Source data =>
--- --- ---
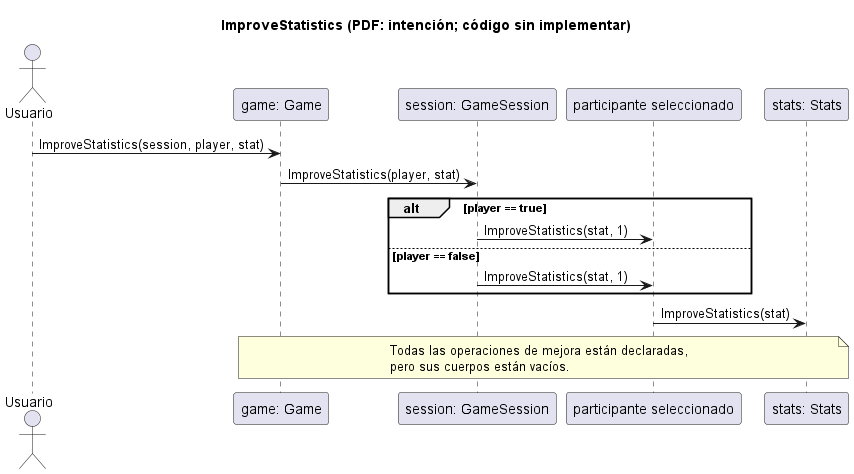

The diagram above was rendered by PlantUML. Its source (embedded in the PNG):
@startuml
title ImproveStatistics (PDF: intención; código sin implementar)
actor Usuario
participant "game: Game" as G
participant "session: GameSession" as S
participant "participante seleccionado" as P
participant "stats: Stats" as T
Usuario -> G: ImproveStatistics(session, player, stat)
G -> S: ImproveStatistics(player, stat)
alt player == true
  S -> P: ImproveStatistics(stat, 1)
else player == false
  S -> P: ImproveStatistics(stat, 1)
end
P -> T: ImproveStatistics(stat)
note over G,T
  Todas las operaciones de mejora están declaradas,
  pero sus cuerpos están vacíos.
end note
@enduml
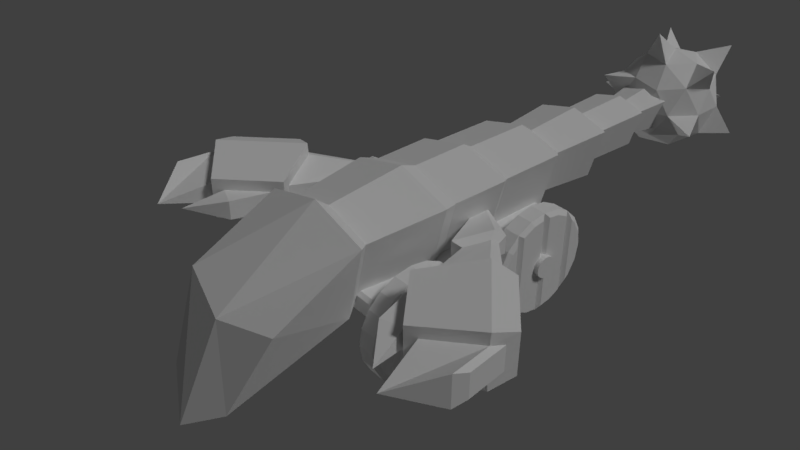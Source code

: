 # Source: ScorpionWheel.blend  (saved by Blender 2.79.0; exported with 4.5.12 LTS)
import bpy
from mathutils import Matrix  # noqa: F401  (used for matrix-valued properties, if any)

bpy.ops.wm.read_factory_settings(use_empty=True)
scene = bpy.context.scene
scene.name = 'Scene'

# ---- collections
col_collection_1 = bpy.data.collections.new('Collection 1'); scene.collection.children.link(col_collection_1)

# ---- materials (node trees are filled in below, after node groups)
mat_mat_body = bpy.data.materials.new('Mat_Body')
mat_mat_body.alpha_threshold = 0.0
mat_mat_body.use_transparent_shadow = False
mat_mat_body.roughness = 0.5

# ---- material node trees

# ---- world
world_world = bpy.data.worlds.new('World'); scene.world = world_world
world_world.color = (0.05088, 0.05088, 0.05088)
world_world.use_sun_shadow = False
world_world.sun_shadow_jitter_overblur = 0.0
world_world.cycles.sampling_method = 'MANUAL'

# ---- cameras
cam_camera = bpy.data.cameras.new('Camera')
cam_camera.clip_end = 100.0
cam_camera.lens = 35.0
cam_camera.sensor_width = 32.0
cam_camera.sensor_height = 18.0
cam_camera.ortho_scale = 7.314
cam_camera.dof.focus_distance = 0.0
cam_camera.dof.aperture_fstop = 128.0

# ---- lights
light_lamp_001 = bpy.data.lights.new('Lamp.001', 'SUN')
light_lamp_001.transmission_factor = 0.0
light_lamp_001.cutoff_distance = 30.0
light_lamp_001.angle = 0.1993
light_lamp_001.energy = 0.6
light_lamp_001.shadow_buffer_clip_start = 1.001
light_lamp_001.shadow_soft_size = 0.1
light_lamp_001.shadow_cascade_max_distance = 1000.0
light_lamp = bpy.data.lights.new('Lamp', 'SUN')
light_lamp.transmission_factor = 0.0
light_lamp.cutoff_distance = 30.0
light_lamp.angle = 0.1993
light_lamp.energy = 1.0
light_lamp.shadow_buffer_clip_start = 1.001
light_lamp.shadow_soft_size = 0.1
light_lamp.shadow_cascade_max_distance = 1000.0

# ---- meshes
me_cube_001 = bpy.data.meshes.new('Cube.001')
me_cube_001.from_pydata([(-0.5833, -0.7, -0.5749), (-0.8749, -0.7, 0.5916), (-0.7, 0.7, -0.7), (-1.05, 0.7, 0.7), (0.5833, -0.7, -0.5749), (0.8749, -0.7, 0.5916), (0.7, 0.7, -0.7), (1.05, 0.7, 0.7), (0.0, 0.7, -0.7), (0.0, 0.7, 1.0), (0.0, -0.7, -0.5749), (0.0, -0.7, 0.8416), (-0.9337, 0.9871, 0.628), (-0.6224, 0.9871, -0.6169), (0.0, 0.9871, -0.6169), (0.0, 0.9871, 0.8947), (0.9337, 0.9871, 0.628), (0.6224, 0.9871, -0.6169), (-0.9535, 2.026, 0.6403), (-0.6357, 2.026, -0.6311), (6.024e-09, 2.026, -0.6311), (6.024e-09, 2.026, 0.9127), (0.9535, 2.026, 0.6403), (0.6357, 2.026, -0.6311), (-0.8444, 2.191, 0.5728), (-0.563, 2.191, -0.5532), (3.744e-09, 2.191, -0.5532), (3.744e-09, 2.191, 0.814), (0.8444, 2.191, 0.5728), (0.563, 2.191, -0.5532), (-0.8444, 3.415, 0.5728), (-0.563, 3.415, -0.5532), (3.744e-09, 3.415, -0.5532), (3.744e-09, 3.415, 0.814), (0.8444, 3.415, 0.5728), (0.563, 3.415, -0.5532), (-0.6367, 3.665, 0.4441), (-0.4245, 3.665, -0.4048), (1.112e-09, 3.665, -0.4048), (1.112e-09, 3.665, 0.6261), (0.6367, 3.665, 0.4441), (0.4245, 3.665, -0.4048), (-0.7365, 4.794, 0.5059), (-0.491, 4.794, -0.4761), (1.287e-09, 4.794, -0.4761), (1.287e-09, 4.794, 0.7163), (0.7365, 4.794, 0.5059), (0.491, 4.794, -0.4761), (-0.5114, 5.052, 0.3666), (-0.3409, 5.052, -0.3153), (3.019e-09, 5.052, -0.3153), (3.019e-09, 5.052, 0.5127), (0.5114, 5.052, 0.3666), (0.3409, 5.052, -0.3153), (-0.5437, 6.148, 0.3866), (-0.3625, 6.148, -0.3384), (3.43e-09, 6.148, -0.3384), (3.43e-09, 6.148, 0.5419), (0.5437, 6.148, 0.3866), (0.3625, 6.148, -0.3384), (-0.3664, 6.294, 0.2768), (-0.2443, 6.294, -0.2117), (2.311e-09, 6.294, -0.2117), (2.311e-09, 6.294, 0.3815), (0.3664, 6.294, 0.2768), (0.2443, 6.294, -0.2117), (-0.4676, 6.981, 0.3395), (-0.3118, 6.981, -0.284), (3.911e-09, 6.981, -0.284), (3.911e-09, 6.981, 0.4731), (0.4676, 6.981, 0.3395), (0.3118, 6.981, -0.284), (-0.2053, 7.171, 0.1771), (-0.1369, 7.171, -0.09665), (5.618e-09, 7.171, -0.09665), (5.618e-09, 7.171, 0.2358), (0.2053, 7.171, 0.1771), (0.1369, 7.171, -0.09665), (-0.7249, -0.9332, -0.7267), (-1.087, -0.9332, 0.7231), (1.087, -0.9332, 0.7231), (0.7249, -0.9332, -0.7267), (-1.688e-09, -0.9332, -0.7267), (-1.688e-09, -0.9332, 1.034), (-0.7249, -3.12, -1.328), (-1.087, -2.463, -0.03612), (1.087, -2.463, -0.03612), (0.7249, -3.12, -1.328), (-2.724e-09, -3.523, -1.808), (-2.724e-09, -2.725, -0.2395), (-0.2053, 7.774, 0.1771), (-0.1369, 7.774, -0.09665), (5.618e-09, 7.774, -0.09665), (5.618e-09, 7.774, 0.2358), (0.2053, 7.774, 0.1771), (0.1369, 7.774, -0.09665), (5.618e-09, 7.774, -0.9304), (0.7236, 7.248, -0.3777), (-0.2764, 6.923, -0.3777), (-0.8944, 7.774, -0.3777), (-0.2764, 8.625, -0.3777), (0.7236, 8.3, -0.3777), (0.2764, 6.923, 0.5168), (-0.7236, 7.248, 0.5168), (-0.7236, 8.3, 0.5168), (0.2764, 8.625, 0.5168), (0.8944, 7.774, 0.5168), (5.618e-09, 7.774, 1.07), (-0.1625, 7.274, -0.7811), (0.4253, 7.465, -0.7811), (0.2629, 6.965, -0.4562), (0.8506, 7.774, -0.4562), (0.4253, 8.083, -0.7811), (-0.5257, 7.774, -0.7811), (-0.6882, 7.274, -0.4562), (-0.1625, 8.274, -0.7811), (-0.6882, 8.274, -0.4562), (0.2629, 8.583, -0.4562), (0.9511, 7.465, 0.06955), (0.9511, 8.083, 0.06955), (5.618e-09, 6.774, 0.06955), (0.5878, 6.965, 0.06955), (-0.9511, 7.465, 0.06955), (-0.5878, 6.965, 0.06955), (-0.5878, 8.583, 0.06955), (-0.9511, 8.083, 0.06955), (0.5878, 8.583, 0.06955), (5.618e-09, 8.774, 0.06955), (0.6882, 7.274, 0.5953), (-0.2629, 6.965, 0.5953), (-0.8506, 7.774, 0.5953), (-0.2629, 8.583, 0.5953), (0.6882, 8.274, 0.5953), (0.1625, 7.274, 0.9202), (0.5257, 7.774, 0.9202), (-0.4253, 7.465, 0.9202), (-0.4253, 8.083, 0.9202), (0.1625, 8.274, 0.9202), (-0.7534, 8.672, 1.074), (0.621, 8.768, 1.074), (-0.1388, 7.347, 1.442), (1.065, 7.51, 1.008), (1.155, 6.934, -0.1423), (1.294, 8.186, -0.42), (0.4353, 9.114, -0.1995), (-0.2764, 8.625, -0.3777), (-0.6882, 8.274, -0.4562), (-0.5878, 8.583, 0.06955), (-0.8622, 8.943, -0.453), (-1.527, 7.774, -0.1549), (-0.8622, 6.605, -0.453), (-0.792, 6.67, 0.5591), (-1.713, -0.614, -0.1129), (-1.713, -0.614, 0.2371), (-2.441, 0.529, -0.1629), (-2.441, 0.529, 0.2871), (-2.584, -1.207, -0.1337), (-2.584, -1.207, 0.2578), (-3.421, -0.4516, -0.1629), (-3.421, -0.4516, 0.2871), (-2.201, 0.4621, -0.2355), (-2.201, 0.4621, 0.3596), (-3.355, -0.6912, -0.2355), (-3.355, -0.6912, 0.3596), (-3.481, -0.2605, 0.4371), (-3.481, -0.2605, -0.3129), (-3.354, -0.67, -0.4379), (-3.354, -0.67, 0.5621), (-2.278, -1.18, 0.2371), (-2.278, -1.18, -0.1129), (-3.427, -1.395, 0.3596), (-3.427, -1.395, -0.2355), (-3.493, -1.155, 0.2871), (-3.493, -1.155, -0.1629), (-2.856, -2.11, 0.06206), (-1.686, -0.3086, -0.1337), (-1.686, -0.3086, 0.2578), (-2.42, -1.321, 0.4371), (-2.42, -1.321, -0.3129), (-1.918, -1.309, -0.1129), (-1.918, -1.309, 0.2371), (-2.484, -1.875, 0.06206), (-2.561, -1.717, 0.106), (-2.223, 0.4614, -0.4379), (-1.571, -0.4726, -0.3129), (-1.571, -0.4726, 0.4371), (-2.223, 0.4614, 0.5621), (-2.632, 0.588, 0.4371), (-2.632, 0.588, -0.3129), (-1.548, 1.161, 0.2108), (-1.548, 1.161, -0.0867), (-1.361, 0.7368, -0.03582), (-1.361, 0.7368, 0.1599), (-1.66, 1.215, 0.1746), (-1.66, 1.215, -0.05044), (-1.458, 1.322, 0.2852), (-1.458, 1.322, -0.1611), (-1.177, 0.686, -0.08476), (-1.177, 0.686, 0.2089), (-1.626, 1.403, 0.2308), (-1.626, 1.403, -0.1067), (-0.7096, 1.87, 0.1067), (-0.7096, 1.87, 0.01743), (-0.6535, 1.743, 0.0327), (-0.6535, 1.743, 0.09142), (-0.7432, 1.886, 0.09581), (-0.7432, 1.886, 0.02831), (1.713, -0.614, -0.1129), (1.713, -0.614, 0.2371), (2.441, 0.529, -0.1629), (2.441, 0.529, 0.2871), (2.584, -1.207, -0.1337), (2.584, -1.207, 0.2578), (3.421, -0.4516, -0.1629), (3.421, -0.4516, 0.2871), (2.201, 0.4621, -0.2355), (2.201, 0.4621, 0.3596), (3.355, -0.6912, -0.2355), (3.355, -0.6912, 0.3596), (3.481, -0.2605, 0.4371), (3.481, -0.2605, -0.3129), (3.354, -0.67, -0.4379), (3.354, -0.67, 0.5621), (2.278, -1.18, 0.2371), (2.278, -1.18, -0.1129), (3.427, -1.395, 0.3596), (3.427, -1.395, -0.2355), (3.493, -1.155, 0.2871), (3.493, -1.155, -0.1629), (2.856, -2.11, 0.06206), (1.686, -0.3086, -0.1337), (1.686, -0.3086, 0.2578), (2.42, -1.321, 0.4371), (2.42, -1.321, -0.3129), (1.918, -1.309, -0.1129), (1.918, -1.309, 0.2371), (2.484, -1.875, 0.06206), (2.561, -1.717, 0.106), (2.223, 0.4614, -0.4379), (1.571, -0.4726, -0.3129), (1.571, -0.4726, 0.4371), (2.223, 0.4614, 0.5621), (2.632, 0.588, 0.4371), (2.632, 0.588, -0.3129), (1.548, 1.161, 0.2108), (1.548, 1.161, -0.0867), (1.361, 0.7368, -0.03582), (1.361, 0.7368, 0.1599), (1.66, 1.215, 0.1746), (1.66, 1.215, -0.05044), (1.458, 1.322, 0.2852), (1.458, 1.322, -0.1611), (1.177, 0.686, -0.08476), (1.177, 0.686, 0.2089), (1.626, 1.403, 0.2308), (1.626, 1.403, -0.1067), (0.7096, 1.87, 0.1067), (0.7096, 1.87, 0.01743), (0.6535, 1.743, 0.0327), (0.6535, 1.743, 0.09142), (0.7432, 1.886, 0.09581), (0.7432, 1.886, 0.02831)], [(181, 182), (236, 237)], [(0, 1, 3, 2), (2, 3, 12, 13), (6, 7, 5, 4), (1, 0, 78, 79), (8, 6, 4, 10), (9, 3, 1, 11), (7, 9, 11, 5), (2, 8, 10, 0), (0, 10, 82, 78), (9, 7, 16, 15), (16, 17, 23, 22), (12, 15, 21, 18), (6, 8, 14, 17), (7, 6, 17, 16), (8, 2, 13, 14), (3, 9, 15, 12), (21, 22, 28, 27), (23, 20, 26, 29), (14, 13, 19, 20), (17, 14, 20, 23), (15, 16, 22, 21), (13, 12, 18, 19), (28, 29, 35, 34), (24, 27, 33, 30), (19, 18, 24, 25), (18, 21, 27, 24), (22, 23, 29, 28), (20, 19, 25, 26), (33, 34, 40, 39), (35, 32, 38, 41), (26, 25, 31, 32), (29, 26, 32, 35), (27, 28, 34, 33), (25, 24, 30, 31), (38, 37, 43, 44), (40, 41, 47, 46), (31, 30, 36, 37), (30, 33, 39, 36), (34, 35, 41, 40), (32, 31, 37, 38), (43, 42, 48, 49), (45, 46, 52, 51), (41, 38, 44, 47), (39, 40, 46, 45), (37, 36, 42, 43), (36, 39, 45, 42), (53, 50, 56, 59), (50, 49, 55, 56), (42, 45, 51, 48), (46, 47, 53, 52), (44, 43, 49, 50), (47, 44, 50, 53), (54, 57, 63, 60), (55, 54, 60, 61), (51, 52, 58, 57), (49, 48, 54, 55), (48, 51, 57, 54), (52, 53, 59, 58), (63, 64, 70, 69), (65, 62, 68, 71), (58, 59, 65, 64), (56, 55, 61, 62), (59, 56, 62, 65), (57, 58, 64, 63), (70, 71, 77, 76), (66, 69, 75, 72), (61, 60, 66, 67), (60, 63, 69, 66), (64, 65, 71, 70), (62, 61, 67, 68), (75, 76, 94, 93), (77, 74, 92, 95), (68, 67, 73, 74), (71, 68, 74, 77), (69, 70, 76, 75), (67, 66, 72, 73), (83, 79, 85, 89), (80, 83, 89, 86), (10, 4, 81, 82), (5, 11, 83, 80), (11, 1, 79, 83), (4, 5, 80, 81), (88, 89, 85, 84), (87, 86, 89, 88), (81, 80, 86, 87), (78, 82, 88, 84), (82, 81, 87, 88), (79, 78, 84, 85), (92, 93, 94, 95), (91, 90, 93, 92), (73, 72, 90, 91), (72, 75, 93, 90), (76, 77, 95, 94), (74, 73, 91, 92), (96, 109, 108), (97, 109, 111), (96, 108, 113), (96, 113, 115), (96, 115, 112), (97, 111, 118), (98, 110, 120), (99, 114, 122), (116, 124, 147, 146), (101, 117, 126), (118, 121, 142), (98, 120, 123), (122, 125, 149), (100, 124, 127), (101, 126, 119), (102, 128, 133), (103, 129, 135), (104, 130, 136), (105, 131, 137), (106, 132, 134), (134, 137, 107), (134, 132, 137), (137, 132, 139), (137, 136, 107), (137, 131, 136), (136, 131, 138), (136, 135, 107), (136, 130, 135), (130, 103, 135), (135, 133, 140), (135, 129, 133), (129, 102, 133), (133, 134, 107), (133, 128, 134), (134, 128, 141), (119, 132, 106), (119, 126, 132), (126, 105, 132), (127, 131, 105), (127, 124, 131), (124, 104, 131), (125, 130, 104), (125, 122, 130), (122, 103, 130), (123, 129, 151), (123, 120, 129), (120, 102, 129), (121, 128, 102), (121, 118, 128), (118, 106, 128), (126, 127, 105), (117, 127, 144), (117, 100, 127), (124, 125, 104), (124, 116, 125), (116, 99, 125), (122, 123, 103), (122, 114, 123), (123, 114, 150), (120, 121, 102), (120, 110, 121), (110, 97, 121), (118, 119, 106), (118, 111, 119), (119, 111, 143), (112, 117, 101), (112, 115, 117), (115, 100, 117), (115, 116, 100), (115, 113, 116), (113, 99, 116), (113, 114, 99), (113, 108, 114), (108, 98, 114), (111, 112, 101), (111, 109, 112), (109, 96, 112), (108, 110, 98), (108, 109, 110), (109, 97, 110), (131, 104, 138), (104, 136, 138), (145, 146, 148), (132, 105, 139), (105, 137, 139), (107, 135, 140), (133, 107, 140), (106, 134, 141), (128, 106, 141), (121, 97, 142), (97, 118, 142), (101, 119, 143), (111, 101, 143), (126, 117, 144), (127, 126, 144), (124, 100, 145, 147), (100, 116, 146, 145), (147, 145, 148), (146, 147, 148), (125, 99, 149), (99, 122, 149), (98, 123, 150), (114, 98, 150), (129, 103, 151), (103, 123, 151), (154, 194, 190, 160), (188, 165, 164, 187), (157, 174, 156), (168, 181, 180, 153), (183, 184, 178, 166), (167, 177, 185, 186), (164, 167, 186, 187), (188, 183, 166, 165), (159, 172, 170, 163), (175, 191, 192, 176), (159, 164, 165, 158), (158, 165, 166, 162), (157, 177, 167, 163), (156, 178, 177, 157), (162, 166, 178, 156), (163, 167, 164, 159), (171, 174, 170), (173, 171, 170, 172), (162, 171, 173, 158), (156, 174, 171, 162), (163, 170, 174, 157), (158, 173, 172, 159), (152, 184, 185, 153), (168, 177, 178, 169), (169, 178, 184, 152), (153, 185, 177, 168), (181, 179, 180), (169, 181, 168), (152, 179, 181, 169), (153, 180, 179, 152), (175, 184, 183, 160), (176, 185, 184, 175), (155, 187, 186, 161), (154, 188, 187, 155), (160, 183, 188, 154), (161, 186, 185, 176), (189, 195, 199, 193), (194, 200, 196, 190), (161, 189, 193, 155), (160, 190, 191, 175), (176, 192, 189, 161), (155, 193, 194, 154), (199, 205, 206, 200), (198, 204, 201, 195), (190, 196, 197, 191), (192, 198, 195, 189), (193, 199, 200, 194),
--- --- ---
Brief =>
Every line in the records above that contains the word "materials" is to be copied out.

Exercise output =>
# ---- materials (node trees are filled in below, after node groups)
mat_mat_body = bpy.data.materials.new('Mat_Body')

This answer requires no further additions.